From their respective cities, Chen’s brother and Nak Kim Chheuon will take a flight contracted by ICE. It could be a Boeing 737, or a Gulfstream aircraft. If it is anything like Ngot Tuong’s journey, they would be on an airplane called Swift Air, crammed with Cambodian and Latinx people, all handcuffed. If their journey is anything like Tuong’s, they would be confused and disoriented from flights to nowhere, flying from Washington to Arizona, spend a few nights, and then on to Texas, back to Arizona, then to Georgia, and then to Texas again before arriving at their destination in Louisiana. These back-and-forth flights are likely chalking up the expenses for which the Homeland Security’s Office of Inspector General criticized the agency.

In Jena, Louisiana these men will undergo interviews with the Cambodian consulate under the supervision and presence of ICE officers. The procedure goes as follows: ICE will conduct the roundup of Cambodian Americans around the country; the Cambodian consulate will conduct interviews to verify that these individuals are deportable—in that they will not burden Cambodia with mental or medical issues; then they will issue travel documents for the deportations to proceed. In the meantime, over 100 Cambodian Americans will wait in their cells at the LaSalle Detention Center, for an interview that will change the course of their lives and tear them apart from the only families they have known.

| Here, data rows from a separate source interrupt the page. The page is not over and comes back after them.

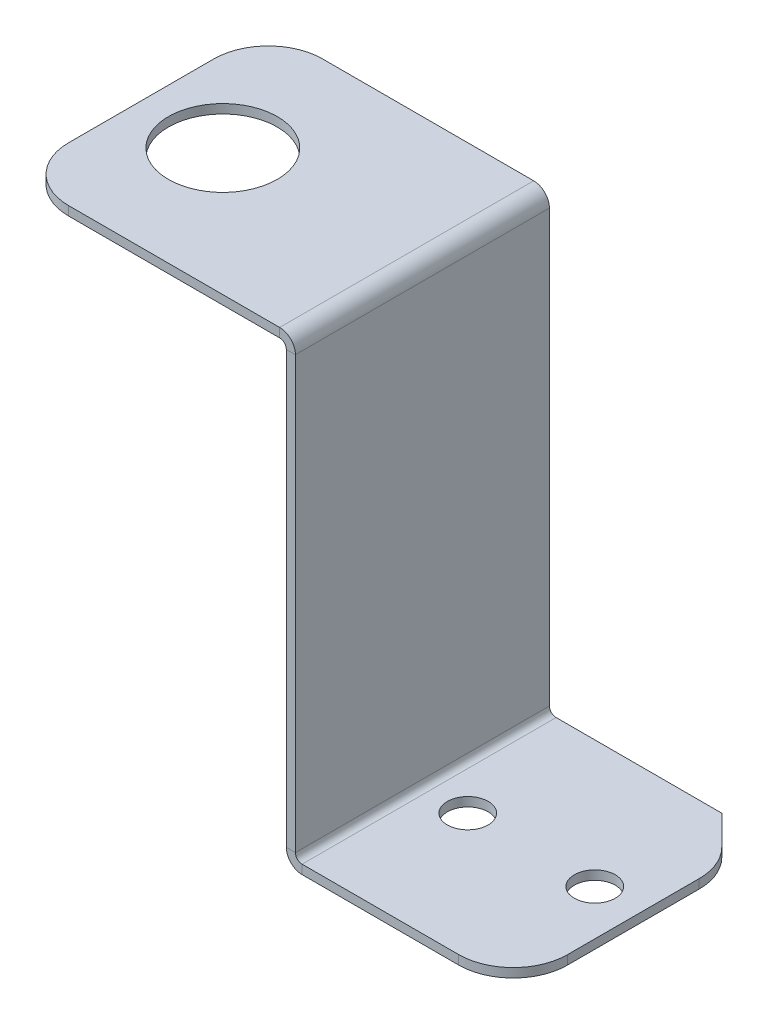
ISO-10303-21;
HEADER;
FILE_DESCRIPTION(('STEP AP214'),'2;1');
FILE_NAME('part.step','',(''),(''),'','','');
FILE_SCHEMA(('AUTOMOTIVE_DESIGN { 1 0 10303 214 1 1 1 1 }'));
ENDSEC;
DATA;
#1=APPLICATION_CONTEXT('core data for automotive mechanical design processes');
#2=APPLICATION_PROTOCOL_DEFINITION('international standard','automotive_design',2000,#1);
#3=PRODUCT_CONTEXT('',#1,'mechanical');
#4=PRODUCT('Part','Part','',(#3));
#5=PRODUCT_RELATED_PRODUCT_CATEGORY('part','',(#4));
#6=PRODUCT_DEFINITION_FORMATION('','',#4);
#7=PRODUCT_DEFINITION_CONTEXT('part definition',#1,'design');
#8=PRODUCT_DEFINITION('design','',#6,#7);
#9=PRODUCT_DEFINITION_SHAPE('','',#8);
#10=(LENGTH_UNIT() NAMED_UNIT(*) SI_UNIT(.MILLI.,.METRE.));
#11=(NAMED_UNIT(*) PLANE_ANGLE_UNIT() SI_UNIT($,.RADIAN.));
#12=(NAMED_UNIT(*) SI_UNIT($,.STERADIAN.) SOLID_ANGLE_UNIT());
#13=UNCERTAINTY_MEASURE_WITH_UNIT(LENGTH_MEASURE(1.E-05),#10,'distance_accuracy_value','');
#14=(GEOMETRIC_REPRESENTATION_CONTEXT(3) GLOBAL_UNCERTAINTY_ASSIGNED_CONTEXT((#13)) GLOBAL_UNIT_ASSIGNED_CONTEXT((#10,
#11,#12)) REPRESENTATION_CONTEXT('',''));
#15=CARTESIAN_POINT('',(0.,0.,0.));
#16=DIRECTION('',(0.,0.,1.));
#17=DIRECTION('',(1.,0.,0.));
#18=AXIS2_PLACEMENT_3D('',#15,#16,#17);
#19=CARTESIAN_POINT('',(-0.736600000000001,20.7619047619048,-28.));
#20=DIRECTION('',(0.,0.,-1.));
#21=DIRECTION('',(-1.,0.,0.));
#22=AXIS2_PLACEMENT_3D('',#19,#20,#21);
#23=PLANE('',#22);
#24=DIRECTION('',(0.,-1.,0.));
#25=VECTOR('',#24,1.);
#26=CARTESIAN_POINT('',(0.,19.7619047619048,-28.));
#27=LINE('',#26,#25);
#28=CARTESIAN_POINT('',(0.,19.0253047619048,-28.));
#29=VERTEX_POINT('',#28);
#30=CARTESIAN_POINT('',(0.,-28.5014952380952,-28.));
#31=VERTEX_POINT('',#30);
#32=EDGE_CURVE('E313',#29,#31,#27,.T.);
#33=ORIENTED_EDGE('',*,*,#32,.F.);
#34=DIRECTION('',(1.,0.,0.));
#35=VECTOR('',#34,1.);
#36=CARTESIAN_POINT('',(0.,19.0253047619048,-28.));
#37=LINE('',#36,#35);
#38=CARTESIAN_POINT('',(1.,19.0253047619048,-28.));
#39=VERTEX_POINT('',#38);
#40=EDGE_CURVE('E335',#29,#39,#37,.T.);
#41=ORIENTED_EDGE('',*,*,#40,.T.);
#42=DIRECTION('',(0.,-1.,0.));
#43=VECTOR('',#42,1.);
#44=CARTESIAN_POINT('',(1.,19.7619047619048,-28.));
#45=LINE('',#44,#43);
#46=CARTESIAN_POINT('',(1.00000000000001,-28.5014952380952,-28.));
#47=VERTEX_POINT('',#46);
#48=EDGE_CURVE('E310',#39,#47,#45,.T.);
#49=ORIENTED_EDGE('',*,*,#48,.T.);
#50=DIRECTION('',(-1.,0.,0.));
#51=VECTOR('',#50,1.);
#52=CARTESIAN_POINT('',(1.00000000000001,-28.5014952380952,-28.));
#53=LINE('',#52,#51);
#54=EDGE_CURVE('E329',#47,#31,#53,.T.);
#55=ORIENTED_EDGE('',*,*,#54,.T.);
#56=EDGE_LOOP('',(#33,#41,#49,#55));
#57=FACE_BOUND('',#56,.T.);
#58=ADVANCED_FACE('F39',(#57),#23,.T.);
#59=CARTESIAN_POINT('',(1.73660000000001,-29.2380952380952,0.));
#60=DIRECTION('',(0.,0.,1.));
#61=DIRECTION('',(1.,0.,0.));
#62=AXIS2_PLACEMENT_3D('',#59,#60,#61);
#63=PLANE('',#62);
#64=DIRECTION('',(0.,-1.,0.));
#65=VECTOR('',#64,1.);
#66=CARTESIAN_POINT('',(0.,19.7619047619048,0.));
#67=LINE('',#66,#65);
#68=CARTESIAN_POINT('',(0.,19.0253047619048,0.));
#69=VERTEX_POINT('',#68);
#70=CARTESIAN_POINT('',(0.,-28.5014952380952,0.));
#71=VERTEX_POINT('',#70);
#72=EDGE_CURVE('E314',#69,#71,#67,.T.);
#73=ORIENTED_EDGE('',*,*,#72,.T.);
#74=DIRECTION('',(1.,0.,0.));
#75=VECTOR('',#74,1.);
#76=CARTESIAN_POINT('',(0.,-28.5014952380952,0.));
#77=LINE('',#76,#75);
#78=CARTESIAN_POINT('',(1.00000000000001,-28.5014952380952,0.));
#79=VERTEX_POINT('',#78);
#80=EDGE_CURVE('E323',#71,#79,#77,.T.);
#81=ORIENTED_EDGE('',*,*,#80,.T.);
#82=DIRECTION('',(0.,-1.,0.));
#83=VECTOR('',#82,1.);
#84=CARTESIAN_POINT('',(1.,19.7619047619048,0.));
#85=LINE('',#84,#83);
#86=CARTESIAN_POINT('',(1.,19.0253047619048,0.));
#87=VERTEX_POINT('',#86);
#88=EDGE_CURVE('E306',#87,#79,#85,.T.);
#89=ORIENTED_EDGE('',*,*,#88,.F.);
#90=DIRECTION('',(-1.,0.,0.));
#91=VECTOR('',#90,1.);
#92=CARTESIAN_POINT('',(1.,19.0253047619048,0.));
#93=LINE('',#92,#91);
#94=EDGE_CURVE('E11',#87,#69,#93,.T.);
#95=ORIENTED_EDGE('',*,*,#94,.T.);
#96=EDGE_LOOP('',(#73,#81,#89,#95));
#97=FACE_BOUND('',#96,.T.);
#98=ADVANCED_FACE('F359',(#97),#63,.T.);
#99=CARTESIAN_POINT('',(0.,19.7619047619048,-28.));
#100=DIRECTION('',(-1.,0.,0.));
#101=DIRECTION('',(0.,-1.,0.));
#102=AXIS2_PLACEMENT_3D('',#99,#100,#101);
#103=PLANE('',#102);
#104=ORIENTED_EDGE('',*,*,#72,.F.);
#105=DIRECTION('',(0.,0.,1.));
#106=VECTOR('',#105,1.);
#107=CARTESIAN_POINT('',(0.,19.0253047619048,-28.));
#108=LINE('',#107,#106);
#109=EDGE_CURVE('E46',#29,#69,#108,.T.);
#110=ORIENTED_EDGE('',*,*,#109,.F.);
#111=ORIENTED_EDGE('',*,*,#32,.T.);
#112=DIRECTION('',(0.,0.,1.));
#113=VECTOR('',#112,1.);
#114=CARTESIAN_POINT('',(0.,-28.5014952380952,-28.));
#115=LINE('',#114,#113);
#116=EDGE_CURVE('E326',#31,#71,#115,.T.);
#117=ORIENTED_EDGE('',*,*,#116,.T.);
#118=EDGE_LOOP('',(#104,#110,#111,#117));
#119=FACE_BOUND('',#118,.T.);
#120=ADVANCED_FACE('F390',(#119),#103,.T.);
#121=CARTESIAN_POINT('',(1.,19.7619047619048,-28.));
#122=DIRECTION('',(-1.,0.,0.));
#123=DIRECTION('',(0.,-1.,0.));
#124=AXIS2_PLACEMENT_3D('',#121,#122,#123);
#125=PLANE('',#124);
#126=ORIENTED_EDGE('',*,*,#88,.T.);
#127=DIRECTION('',(0.,0.,1.));
#128=VECTOR('',#127,1.);
#129=CARTESIAN_POINT('',(1.00000000000001,-28.5014952380952,-28.));
#130=LINE('',#129,#128);
#131=EDGE_CURVE('E317',#47,#79,#130,.T.);
#132=ORIENTED_EDGE('',*,*,#131,.F.);
#133=ORIENTED_EDGE('',*,*,#48,.F.);
#134=DIRECTION('',(0.,0.,1.));
#135=VECTOR('',#134,1.);
#136=CARTESIAN_POINT('',(1.,19.0253047619048,-28.));
#137=LINE('',#136,#135);
#138=EDGE_CURVE('E332',#39,#87,#137,.T.);
#139=ORIENTED_EDGE('',*,*,#138,.T.);
#140=EDGE_LOOP('',(#126,#132,#133,#139));
#141=FACE_BOUND('',#140,.T.);
#142=ADVANCED_FACE('F361',(#141),#125,.F.);
#143=CARTESIAN_POINT('',(1.73660000000001,-28.5014952380952,-28.));
#144=DIRECTION('',(0.,0.,1.));
#145=DIRECTION('',(1.,0.,0.));
#146=AXIS2_PLACEMENT_3D('',#143,#144,#145);
#147=PLANE('',#146);
#148=DIRECTION('',(0.,1.,0.));
#149=VECTOR('',#148,1.);
#150=CARTESIAN_POINT('',(1.7366,-30.2380952380952,-28.));
#151=LINE('',#150,#149);
#152=CARTESIAN_POINT('',(1.7366,-30.2380952380952,-28.));
#153=VERTEX_POINT('',#152);
#154=CARTESIAN_POINT('',(1.7366,-29.2380952380952,-28.));
#155=VERTEX_POINT('',#154);
#156=EDGE_CURVE('E232',#153,#155,#151,.T.);
#157=ORIENTED_EDGE('',*,*,#156,.F.);
#158=CARTESIAN_POINT('',(1.73660000000001,-28.5014952380952,-28.));
#159=DIRECTION('',(0.,0.,-1.));
#160=DIRECTION('',(-1.,0.,0.));
#161=AXIS2_PLACEMENT_3D('',#158,#159,#160);
#162=CIRCLE('',#161,1.7366);
#163=EDGE_CURVE('E60',#153,#31,#162,.T.);
#164=ORIENTED_EDGE('',*,*,#163,.T.);
#165=ORIENTED_EDGE('',*,*,#54,.F.);
#166=CARTESIAN_POINT('',(1.73660000000001,-28.5014952380952,-28.));
#167=DIRECTION('',(0.,0.,-1.));
#168=DIRECTION('',(-1.,0.,0.));
#169=AXIS2_PLACEMENT_3D('',#166,#167,#168);
#170=CIRCLE('',#169,0.7366);
#171=EDGE_CURVE('E299',#155,#47,#170,.T.);
#172=ORIENTED_EDGE('',*,*,#171,.F.);
#173=EDGE_LOOP('',(#157,#164,#165,#172));
#174=FACE_BOUND('',#173,.T.);
#175=ADVANCED_FACE('F382',(#174),#147,.F.);
#176=CARTESIAN_POINT('',(1.73660000000001,-28.5014952380952,0.));
#177=DIRECTION('',(0.,0.,-1.));
#178=DIRECTION('',(0.,1.,0.));
#179=AXIS2_PLACEMENT_3D('',#176,#177,#178);
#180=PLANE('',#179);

In April of this year, the Cambodian government recognized the cruelty of deporting Cambodian Americans with criminal records, away from their loved ones and families. In response, the Trump administration threatened the small nation with visa sanctions. The Cambodian government subsequently agreed to conduct interviews and issue travel documents.

“I have done terrible things that not only affected by community but also devastated my family. Now I want to get to know my son, my mother, my sisters. Twenty years is a long time to be away from a family member. I want to rebuild a relationship with my son, siblings and parents, to help me reconcile the thing that I did, so that way I can live the rest of my life trying to get to know them again, to love them, and even like them. But now I may never have the chance,” says Tuong.